The 11 pitchers above combined to make 774 of the 810 starts for the Phillies over the last five seasons. Not appearing on the list are guys who made fewer than ten starts, including Pedro Martinez (9), Chan Ho Park (7), Tyler Cloyd (6), Rodrigo Lopez (5), Antonio Bastardo (5), Raul Valdes (1), Andrew Carpenter (1), Nelson Figueroa (1) and BJ Rosenberg (1). Those 36 total starts plus the 774 for the 11 guys above gets you to 810.

Hamels is the guy who has made the most starts for the Phillies over the past five years with 160. And he’s been very good. After that, though, there are two guys in Blanton and Kendrick who have gotten a ton of starts over the past five seasons without being very good.

Kendrick is second in starts over the last five seasons with 103. His best year for WAR was 2007 (which doesn’t count for the table above as it was more than five years ago). In 2007, Kendrick made 20 appearances for the Phillies, all starts, going 10-4 with a 3.87 and putting up a WAR of 2.1. Kendrick was terrible in 2008 and finished the year with a -1.7 WAR. In the four years since his combined WAR has been just 3.4 — 3.4 + (-1.7) = 1.7, his mark for the past five years combined.

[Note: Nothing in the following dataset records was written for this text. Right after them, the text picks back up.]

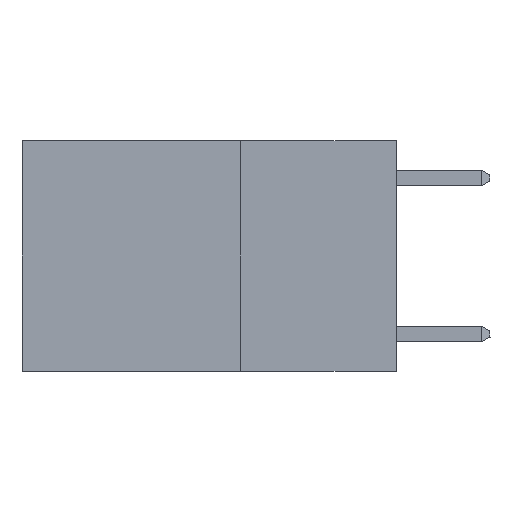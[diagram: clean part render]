
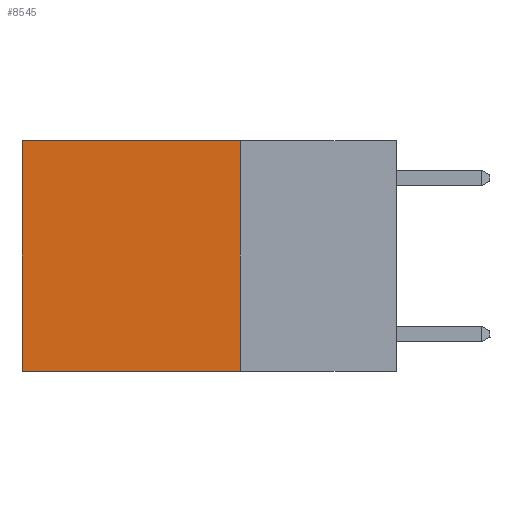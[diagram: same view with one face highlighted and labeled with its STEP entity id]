
A CAD part, left-side view. The second image highlights one B-rep face of the part: STEP entity #8545.
In plain terms, the highlighted planar face has unit normal (-1, 0, 0).
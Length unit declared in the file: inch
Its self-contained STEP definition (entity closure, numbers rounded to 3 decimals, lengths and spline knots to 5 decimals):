
#135 = LINE ( 'NONE', #8784, #15223 ) ;
#398 = CARTESIAN_POINT ( 'NONE',  ( 0.2625, 0.25, 0. ) ) ;
#1139 = CARTESIAN_POINT ( 'NONE',  ( 0.2625, 0.25, -0.37 ) ) ;
#1673 = CARTESIAN_POINT ( 'NONE',  ( 0.2625, 0.25, 0. ) ) ;
#3226 = ORIENTED_EDGE ( 'NONE', *, *, #6788, .T. ) ;
#3668 = DIRECTION ( 'NONE',  ( 0., 0., -1. ) ) ;
#4297 = EDGE_CURVE ( 'NONE', #17747, #10629, #135, .T. ) ;
#4964 = DIRECTION ( 'NONE',  ( 1., 0., 0. ) ) ;
#5156 = PLANE ( 'NONE',  #10344 ) ;
#6229 = CARTESIAN_POINT ( 'NONE',  ( 0.2625, 0.6, -0.37 ) ) ;
#6716 = ORIENTED_EDGE ( 'NONE', *, *, #8570, .F. ) ;
#6788 = EDGE_CURVE ( 'NONE', #15174, #11060, #7929, .T. ) ;
#7489 = EDGE_CURVE ( 'NONE', #11060, #10629, #17031, .T. ) ;
#7929 = LINE ( 'NONE', #1673, #9050 ) ;
#8545 = ADVANCED_FACE ( 'NONE', ( #15701 ), #5156, .F. ) ;
#8570 = EDGE_CURVE ( 'NONE', #15174, #17747, #9753, .T. ) ;
#8784 = CARTESIAN_POINT ( 'NONE',  ( 0.2625, 0.25, -0.37 ) ) ;
#9050 = VECTOR ( 'NONE', #9527, 39.37008 ) ;
#9496 = DIRECTION ( 'NONE',  ( 0., 0., -1. ) ) ;
#9527 = DIRECTION ( 'NONE',  ( 0., 1., 0. ) ) ;
#9539 = DIRECTION ( 'NONE',  ( 0., 0., -1. ) ) ;
#9753 = LINE ( 'NONE', #12835, #13844 ) ;
#10344 = AXIS2_PLACEMENT_3D ( 'NONE', #398, #4964, #3668 ) ;
#10629 = VERTEX_POINT ( 'NONE', #6229 ) ;
#11060 = VERTEX_POINT ( 'NONE', #16993 ) ;
#12835 = CARTESIAN_POINT ( 'NONE',  ( 0.2625, 0.25, 0. ) ) ;
#13844 = VECTOR ( 'NONE', #9539, 39.37008 ) ;
#14232 = ORIENTED_EDGE ( 'NONE', *, *, #7489, .T. ) ;
#14508 = VECTOR ( 'NONE', #9496, 39.37008 ) ;
#14681 = EDGE_LOOP ( 'NONE', ( #14232, #17619, #6716, #3226 ) ) ;
#15174 = VERTEX_POINT ( 'NONE', #19459 ) ;
#15223 = VECTOR ( 'NONE', #16617, 39.37008 ) ;
#15701 = FACE_OUTER_BOUND ( 'NONE', #14681, .T. ) ;
#16617 = DIRECTION ( 'NONE',  ( 0., 1., 0. ) ) ;
#16733 = CARTESIAN_POINT ( 'NONE',  ( 0.2625, 0.6, 0. ) ) ;
#16993 = CARTESIAN_POINT ( 'NONE',  ( 0.2625, 0.6, 0. ) ) ;
#17031 = LINE ( 'NONE', #16733, #14508 ) ;
#17619 = ORIENTED_EDGE ( 'NONE', *, *, #4297, .F. ) ;
#17747 = VERTEX_POINT ( 'NONE', #1139 ) ;
#19459 = CARTESIAN_POINT ( 'NONE',  ( 0.2625, 0.25, 0. ) ) ;

Blanton has made 105 appearances over the last five years for the Phillies, including 100 starts (more than anyone but Kendrick or Hamels). In the five seasons that Blanton pitched all or part of the year with the Phillies, he had a Baseball-Reference calculated WAR better than 0.1 only once. His best year with the Phillies was 2009 — he made 31 starts that year with a 4.05 ERA and a 1.32 ratio, posting a 2.4 WAR for the season. He had a -0.2 WAR in 29 appearances with the Phillies in 2010 and a -0.1 WAR in 21 appearances with them in 2012. He threw just 41 1/3 innings in 2011, all with the Phils, and put up a 0.0 WAR for that season.

The point here is that Blanton and Kendrick have pitched a lot for the Phillies over the past five years, making about as many starts (203) as Halladay, Lee and Worley (210). Overall, they’ve made about 25.1% of the starts for the Phillies over the past five seasons. And they haven’t been very good.

And while Blanton doesn’t have much of a chance to be not very good for the Phillies again in 2013, Kendrick does.

Gone also from the mix of the last five years are Happ and Oswalt. Both of those pitchers didn’t pitch a ton for the Phillies over the past five years, but put up good numbers overall in their time with the team.

Happ’s 4.83 ERA since he left the Phillies makes it easy to forget that he was great for the Phillies in 2009, going 12-4 with a 2.93 ERA and a 1.23 ratio in his 35 appearances (23 starts). He led the team in WAR for pitchers that year at 4.0. Hamels made 32 starts for the Phillies in ’09, finishing the year with a WAR of 1.7.

Oswalt threw to a 2.96 ERA in 36 appearances (35 starts) with the Phils between 2010 and 2011. He appeared in just 13 games for the Phillies in 2010 (12 starts), but managed to post a WAR of 3.2, third best on the staff behind Halladay and Hamels.

This suggests Josh Hamilton wants seven years, $175 million.

Amaro mentions Adam Morgan favorably in this article. Morgan is a 22-year-old lefty the Phillies took in the third round of the 2011 draft. He made 27 appearances between Clearwater and Reading in 2012, 26 of which were starts, throwing to a 3.35 ERA with a 1.11 ratio and striking out 169 in 158 2/3 innings.